**** Extracted data ****

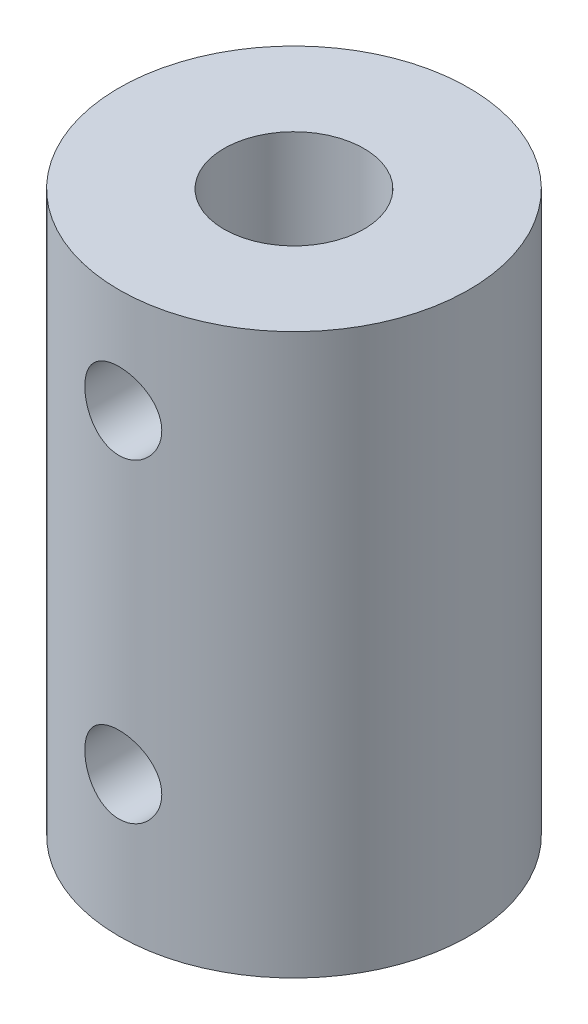
ISO-10303-21;
HEADER;
FILE_DESCRIPTION(('STEP AP214'),'2;1');
FILE_NAME('part.step','',(''),(''),'','','');
FILE_SCHEMA(('AUTOMOTIVE_DESIGN { 1 0 10303 214 1 1 1 1 }'));
ENDSEC;
DATA;
#1=APPLICATION_CONTEXT('core data for automotive mechanical design processes');
#2=APPLICATION_PROTOCOL_DEFINITION('international standard','automotive_design',2000,#1);
#3=PRODUCT_CONTEXT('',#1,'mechanical');
#4=PRODUCT('Part','Part','',(#3));
#5=PRODUCT_RELATED_PRODUCT_CATEGORY('part','',(#4));
#6=PRODUCT_DEFINITION_FORMATION('','',#4);
#7=PRODUCT_DEFINITION_CONTEXT('part definition',#1,'design');
#8=PRODUCT_DEFINITION('design','',#6,#7);
#9=PRODUCT_DEFINITION_SHAPE('','',#8);
#10=(LENGTH_UNIT() NAMED_UNIT(*) SI_UNIT(.MILLI.,.METRE.));
#11=(NAMED_UNIT(*) PLANE_ANGLE_UNIT() SI_UNIT($,.RADIAN.));
#12=(NAMED_UNIT(*) SI_UNIT($,.STERADIAN.) SOLID_ANGLE_UNIT());
#13=UNCERTAINTY_MEASURE_WITH_UNIT(LENGTH_MEASURE(1.E-05),#10,'distance_accuracy_value','');
#14=(GEOMETRIC_REPRESENTATION_CONTEXT(3) GLOBAL_UNCERTAINTY_ASSIGNED_CONTEXT((#13)) GLOBAL_UNIT_ASSIGNED_CONTEXT((#10,
#11,#12)) REPRESENTATION_CONTEXT('',''));
#15=CARTESIAN_POINT('',(0.,0.,0.));
#16=DIRECTION('',(0.,0.,1.));
#17=DIRECTION('',(1.,0.,0.));
#18=AXIS2_PLACEMENT_3D('',#15,#16,#17);
#19=CARTESIAN_POINT('',(0.,-24.,0.));
#20=DIRECTION('',(0.,1.,0.));
#21=DIRECTION('',(0.,0.,1.));
#22=AXIS2_PLACEMENT_3D('',#19,#20,#21);
#23=CYLINDRICAL_SURFACE('',#22,7.5);
#24=CARTESIAN_POINT('',(0.,-6.14999999999999,7.5));
#25=CARTESIAN_POINT('',(0.0914999393408011,-6.14999689388329,7.49999831424106));
#26=CARTESIAN_POINT('',(0.183037296855732,-6.14236318106865,7.49830854961464));
#27=CARTESIAN_POINT('',(0.363511023320149,-6.11206225940867,7.49173097533343));
#28=CARTESIAN_POINT('',(0.452445501715037,-6.08938439323356,7.48684089859969));
#29=CARTESIAN_POINT('',(0.625079242768202,-6.0297405539692,7.47440705823353));
#30=CARTESIAN_POINT('',(0.708783898837724,-5.99278959273429,7.46686608345357));
#31=CARTESIAN_POINT('',(0.868802700314479,-5.90569630891618,7.4499439147352));
#32=CARTESIAN_POINT('',(0.945117019602317,-5.85555429679658,7.44056276410836));
#33=CARTESIAN_POINT('',(1.08942970934261,-5.74264148918915,7.42081741826453));
#34=CARTESIAN_POINT('',(1.15729102940931,-5.67969766887048,7.41044091267737));
#35=CARTESIAN_POINT('',(1.28158292851941,-5.54333940178754,7.38996090019822));
#36=CARTESIAN_POINT('',(1.33801247885255,-5.46992401373074,7.3798574179456));
#37=CARTESIAN_POINT('',(1.43844520787671,-5.31369134292981,7.36094592663126));
#38=CARTESIAN_POINT('',(1.48230220287272,-5.2307780079661,7.35215368644803));
#39=CARTESIAN_POINT('',(1.55540709540188,-5.0585327458251,7.33703697303094));
#40=CARTESIAN_POINT('',(1.58465676165372,-4.96920159724356,7.33071220104563));
#41=CARTESIAN_POINT('',(1.62726320761459,-4.78814395939664,7.3213719537811));
#42=CARTESIAN_POINT('',(1.64086278535652,-4.69647726630274,7.31830597985859));
#43=CARTESIAN_POINT('',(1.65253801366901,-4.51211606415167,7.31567882302511));
#44=CARTESIAN_POINT('',(1.6506155954628,-4.41942168439077,7.31611720410754));
#45=CARTESIAN_POINT('',(1.6314967280213,-4.23744348167057,7.32040352024315));
#46=CARTESIAN_POINT('',(1.61458260643201,-4.14812828725854,7.32418842940723));
#47=CARTESIAN_POINT('',(1.5664078726783,-3.97363508632754,7.33464165989446));
#48=CARTESIAN_POINT('',(1.53514644719315,-3.88845731465377,7.34131014468067));
#49=CARTESIAN_POINT('',(1.45890598688934,-3.72386456484734,7.35684109933612));
#50=CARTESIAN_POINT('',(1.41381862824297,-3.64450145530904,7.36572078647476));
#51=CARTESIAN_POINT('',(1.3112823169619,-3.49436318177397,7.3846631014116));
#52=CARTESIAN_POINT('',(1.25383166066753,-3.42358920346177,7.39472589215443));
#53=CARTESIAN_POINT('',(1.12670629880249,-3.29101303710661,7.41517081765931));
#54=CARTESIAN_POINT('',(1.05679158832993,-3.22944109133507,7.42555512168707));
#55=CARTESIAN_POINT('',(0.907510905058955,-3.11885837608795,7.44527255252899));
#56=CARTESIAN_POINT('',(0.82814475719804,-3.06984783933175,7.45460565986633));
#57=CARTESIAN_POINT('',(0.661931267895289,-2.98572123553566,7.4711999610659));
#58=CARTESIAN_POINT('',(0.575068033653585,-2.95063561420552,7.47845660535503));
#59=CARTESIAN_POINT('',(0.396483640858848,-2.89562258522819,7.49004657125319));
#60=CARTESIAN_POINT('',(0.304763199289835,-2.87569294700434,7.49438032302729));
#61=CARTESIAN_POINT('',(0.121042700683247,-2.85189313774669,7.49957488574714));
#62=CARTESIAN_POINT('',(0.0290852501339717,-2.84770849163739,7.50050369388944));
#63=CARTESIAN_POINT('',(-0.154214783533879,-2.85466469502872,7.49897438369855));
#64=CARTESIAN_POINT('',(-0.245557408436373,-2.8658044922846,7.49651649791089));
#65=CARTESIAN_POINT('',(-0.423991007748931,-2.90283265132216,7.48853291011624));
#66=CARTESIAN_POINT('',(-0.511117938303425,-2.92855581582791,7.48304158779087));
#67=CARTESIAN_POINT('',(-0.679820246095632,-2.99383695756339,7.46960587824172));
#68=CARTESIAN_POINT('',(-0.761395145868541,-3.0333961228733,7.46166128036508));
#69=CARTESIAN_POINT('',(-0.917976261781451,-3.12587978321852,7.44403270371493));
#70=CARTESIAN_POINT('',(-0.992870859505148,-3.1789886922759,7.43432530594193));
#71=CARTESIAN_POINT('',(-1.13279771208182,-3.29682171018652,7.41429527403409));
#72=CARTESIAN_POINT('',(-1.19782866797858,-3.36154734641593,7.40397255911623));
#73=CARTESIAN_POINT('',(-1.3174275998863,-3.50222027859977,7.38364007713336));
#74=CARTESIAN_POINT('',(-1.37177769648958,-3.5783544312955,7.373639743821));
#75=CARTESIAN_POINT('',(-1.46692164784539,-3.73885442521818,7.35530407569124));
#76=CARTESIAN_POINT('',(-1.50771609134851,-3.82321990873516,7.34696866856884));
#77=CARTESIAN_POINT('',(-1.57431369753846,-3.99733416930289,7.33298679212086));
#78=CARTESIAN_POINT('',(-1.60020149826091,-4.08704929627586,7.32732517503717));
#79=CARTESIAN_POINT('',(-1.63649815552641,-4.26969698070692,7.31930499643681));
#80=CARTESIAN_POINT('',(-1.64690952060538,-4.3626290142455,7.3169458996267));
#81=CARTESIAN_POINT('',(-1.65185003885159,-4.5468749692852,7.31583187657225));
#82=CARTESIAN_POINT('',(-1.64672474541726,-4.63817931994234,7.3169985317166));
#83=CARTESIAN_POINT('',(-1.62151064971411,-4.81858911375489,7.32262705863688));
#84=CARTESIAN_POINT('',(-1.60142202805462,-4.90769458343767,7.32708889063959));
#85=CARTESIAN_POINT('',(-1.54701934318005,-5.08089887364454,7.33876659051329));
#86=CARTESIAN_POINT('',(-1.51275612845809,-5.16501437374034,7.34597260690617));
#87=CARTESIAN_POINT('',(-1.43102033898959,-5.32635416226081,7.36233049430586));
#88=CARTESIAN_POINT('',(-1.38354636957811,-5.40357772196298,7.37148257073497));
#89=CARTESIAN_POINT('',(-1.27559296460682,-5.55064370885943,7.3909352154142));
#90=CARTESIAN_POINT('',(-1.21486750796967,-5.62030297965252,7.40125543681466));
#91=CARTESIAN_POINT('',(-1.08263275210778,-5.7485559345428,7.42175007997792));
#92=CARTESIAN_POINT('',(-1.01112096165039,-5.80714705525867,7.43192446746263));
#93=CARTESIAN_POINT('',(-0.858209468643986,-5.91233915166255,7.45113988726204));
#94=CARTESIAN_POINT('',(-0.776692042971303,-5.95877221861649,7.46016424553825));
#95=CARTESIAN_POINT('',(-0.606827789468277,-6.03720389832133,7.47589523887679));
#96=CARTESIAN_POINT('',(-0.518486730197528,-6.06921455037322,7.48260380597825));
#97=CARTESIAN_POINT('',(-0.358388456603651,-6.11222376891093,7.49175811514749));
#98=CARTESIAN_POINT('',(-0.287493809384324,-6.12636269380082,7.4948296001288));
#99=CARTESIAN_POINT('',(-0.144407171386655,-6.14525182243697,7.49895116200565));
#100=CARTESIAN_POINT('',(-0.0722152395237916,-6.15000245146568,7.5000013304652));
#101=CARTESIAN_POINT('',(0.,-6.14999999999999,7.5));
#102=B_SPLINE_CURVE_WITH_KNOTS('',3,(#24,#25,#26,#27,#28,#29,#30,#31,#32,#33,#34,#35,#36,#37,
#38,#39,#40,#41,#42,#43,#44,#45,#46,#47,#48,#49,#50,#51,#52,#53,#54,#55,#56,#57,#58,#59,#60,#61,
#62,#63,#64,#65,#66,#67,#68,#69,#70,#71,#72,#73,#74,#75,#76,#77,#78,#79,#80,#81,#82,#83,#84,#85,
#86,#87,#88,#89,#90,#91,#92,#93,#94,#95,#96,#97,#98,#99,#100,#101),.UNSPECIFIED.,.T.,.F.,(4,2,2,
2,2,2,2,2,2,2,2,2,2,2,2,2,2,2,2,2,2,2,2,2,2,2,2,2,2,2,2,2,2,2,2,2,2,2,4),(0.,0.274235469748509,
0.548665416592522,0.822807511778603,1.09694315535338,1.37506480293447,1.65321146673233,
1.93447194708654,2.21569836294015,2.49250033112996,2.76926786056845,3.04093142111883,
3.31261038365022,3.58647477653389,3.86037693206285,4.14027337309168,4.42017499925701,
4.70068528026744,4.98115426927861,5.25599076583744,5.53080839183635,5.80257342230781,
6.07436179463611,6.35006739343502,6.62580926880842,6.90669641720308,7.1875713644818,
7.46683540152297,7.74605416843228,8.01910869065847,8.29215991713438,8.56424000622431,
8.83634882982829,9.11402013989234,9.39175567994315,9.67314563039329,9.95430024968245,
10.1707471396203,10.3871842244587),.UNSPECIFIED.);
#103=CARTESIAN_POINT('',(0.,-6.14999999999999,7.5));
#104=VERTEX_POINT('',#103);
#105=EDGE_CURVE('E108',#104,#104,#102,.T.);
#106=ORIENTED_EDGE('',*,*,#105,.F.);
#107=EDGE_LOOP('',(#106));
#108=FACE_BOUND('',#107,.T.);
#109=CARTESIAN_POINT('',(0.,-19.65,7.5));
#110=CARTESIAN_POINT('',(0.0914999393408012,-19.6499968938833,7.49999831424106));
#111=CARTESIAN_POINT('',(0.183037296855732,-19.6423631810687,7.49830854961464));
#112=CARTESIAN_POINT('',(0.363511023320149,-19.6120622594087,7.49173097533343));
#113=CARTESIAN_POINT('',(0.452445501715037,-19.5893843932336,7.48684089859969));
#114=CARTESIAN_POINT('',(0.625079242768202,-19.5297405539692,7.47440705823353));
#115=CARTESIAN_POINT('',(0.708783898837724,-19.4927895927343,7.46686608345357));
#116=CARTESIAN_POINT('',(0.868802700314479,-19.4056963089162,7.4499439147352));
#117=CARTESIAN_POINT('',(0.945117019602317,-19.3555542967966,7.44056276410836));
#118=CARTESIAN_POINT('',(1.08942970934261,-19.2426414891892,7.42081741826453));
#119=CARTESIAN_POINT('',(1.15729102940931,-19.1796976688705,7.41044091267737));
#120=CARTESIAN_POINT('',(1.28158292851941,-19.0433394017875,7.38996090019822));
#121=CARTESIAN_POINT('',(1.33801247885254,-18.9699240137307,7.3798574179456));
#122=CARTESIAN_POINT('',(1.43844520787671,-18.8136913429298,7.36094592663126));
#123=CARTESIAN_POINT('',(1.48230220287272,-18.7307780079661,7.35215368644803));
#124=CARTESIAN_POINT('',(1.55540709540188,-18.5585327458251,7.33703697303094));
#125=CARTESIAN_POINT('',(1.58465676165372,-18.4692015972436,7.33071220104563));
#126=CARTESIAN_POINT('',(1.62726320761459,-18.2881439593966,7.3213719537811));
#127=CARTESIAN_POINT('',(1.64086278535652,-18.1964772663028,7.31830597985859));
#128=CARTESIAN_POINT('',(1.65253801366901,-18.0121160641517,7.31567882302511));
#129=CARTESIAN_POINT('',(1.6506155954628,-17.9194216843908,7.31611720410754));
#130=CARTESIAN_POINT('',(1.6314967280213,-17.7374434816706,7.32040352024315));
#131=CARTESIAN_POINT('',(1.61458260643201,-17.6481282872585,7.32418842940723));
#132=CARTESIAN_POINT('',(1.5664078726783,-17.4736350863276,7.33464165989446));
#133=CARTESIAN_POINT('',(1.53514644719315,-17.3884573146538,7.34131014468067));
#134=CARTESIAN_POINT('',(1.45890598688934,-17.2238645648473,7.35684109933612));
#135=CARTESIAN_POINT('',(1.41381862824297,-17.144501455309,7.36572078647476));
#136=CARTESIAN_POINT('',(1.3112823169619,-16.994363181774,7.3846631014116));
#137=CARTESIAN_POINT('',(1.25383166066753,-16.9235892034618,7.39472589215443));
#138=CARTESIAN_POINT('',(1.12670629880249,-16.7910130371066,7.41517081765931));
#139=CARTESIAN_POINT('',(1.05679158832993,-16.7294410913351,7.42555512168707));
#140=CARTESIAN_POINT('',(0.907510905058958,-16.618858376088,7.44527255252899));
#141=CARTESIAN_POINT('',(0.828144757198042,-16.5698478393318,7.45460565986633));
#142=CARTESIAN_POINT('',(0.661931267895291,-16.4857212355357,7.4711999610659));
#143=CARTESIAN_POINT('',(0.575068033653587,-16.4506356142055,7.47845660535503));
#144=CARTESIAN_POINT('',(0.396483640858849,-16.3956225852282,7.49004657125319));
#145=CARTESIAN_POINT('',(0.304763199289835,-16.3756929470043,7.49438032302729));
#146=CARTESIAN_POINT('',(0.121042700683246,-16.3518931377467,7.49957488574714));
#147=CARTESIAN_POINT('',(0.0290852501339711,-16.3477084916374,7.50050369388944));
#148=CARTESIAN_POINT('',(-0.154214783533879,-16.3546646950287,7.49897438369855));
#149=CARTESIAN_POINT('',(-0.245557408436374,-16.3658044922846,7.49651649791089));
#150=CARTESIAN_POINT('',(-0.423991007748931,-16.4028326513222,7.48853291011624));
#151=CARTESIAN_POINT('',(-0.511117938303425,-16.4285558158279,7.48304158779087));
#152=CARTESIAN_POINT('',(-0.679820246095632,-16.4938369575634,7.46960587824172));
#153=CARTESIAN_POINT('',(-0.761395145868541,-16.5333961228733,7.46166128036508));
#154=CARTESIAN_POINT('',(-0.917976261781452,-16.6258797832185,7.44403270371493));
#155=CARTESIAN_POINT('',(-0.99287085950515,-16.6789886922759,7.43432530594193));
#156=CARTESIAN_POINT('',(-1.13279771208182,-16.7968217101865,7.41429527403409));
#157=CARTESIAN_POINT('',(-1.19782866797858,-16.8615473464159,7.40397255911623));
#158=CARTESIAN_POINT('',(-1.3174275998863,-17.0022202785998,7.38364007713336));
#159=CARTESIAN_POINT('',(-1.37177769648958,-17.0783544312955,7.373639743821));
#160=CARTESIAN_POINT('',(-1.46692164784539,-17.2388544252182,7.35530407569124));
#161=CARTESIAN_POINT('',(-1.50771609134851,-17.3232199087352,7.34696866856884));
#162=CARTESIAN_POINT('',(-1.57431369753846,-17.4973341693029,7.33298679212086));
#163=CARTESIAN_POINT('',(-1.60020149826091,-17.5870492962759,7.32732517503717));
#164=CARTESIAN_POINT('',(-1.63649815552641,-17.7696969807069,7.31930499643681));
#165=CARTESIAN_POINT('',(-1.64690952060538,-17.8626290142455,7.3169458996267));
#166=CARTESIAN_POINT('',(-1.65185003885159,-18.0468749692852,7.31583187657225));
#167=CARTESIAN_POINT('',(-1.64672474541726,-18.1381793199423,7.3169985317166));
#168=CARTESIAN_POINT('',(-1.62151064971411,-18.3185891137549,7.32262705863688));
#169=CARTESIAN_POINT('',(-1.60142202805462,-18.4076945834377,7.32708889063959));
#170=CARTESIAN_POINT('',(-1.54701934318005,-18.5808988736445,7.33876659051329));
#171=CARTESIAN_POINT('',(-1.51275612845809,-18.6650143737403,7.34597260690617));
#172=CARTESIAN_POINT('',(-1.43102033898959,-18.8263541622608,7.36233049430586));
#173=CARTESIAN_POINT('',(-1.38354636957811,-18.903577721963,7.37148257073497));
#174=CARTESIAN_POINT('',(-1.27559296460683,-19.0506437088594,7.3909352154142));
#175=CARTESIAN_POINT('',(-1.21486750796967,-19.1203029796525,7.40125543681466));
#176=CARTESIAN_POINT('',(-1.08263275210779,-19.2485559345428,7.42175007997792));
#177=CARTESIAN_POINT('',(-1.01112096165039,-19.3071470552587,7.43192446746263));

****

Task directions » From the first line of the entries above through the line with "#1=APPLICATION_CONTEXT('core data for", set down each line exactly and drop the pictures.

Solution to this task »
ISO-10303-21;
HEADER;
FILE_DESCRIPTION(('STEP AP214'),'2;1');
FILE_NAME('part.step','',(''),(''),'','','');
FILE_SCHEMA(('AUTOMOTIVE_DESIGN { 1 0 10303 214 1 1 1 1 }'));
ENDSEC;
DATA;
#1=APPLICATION_CONTEXT('core data for automotive mechanical design processes');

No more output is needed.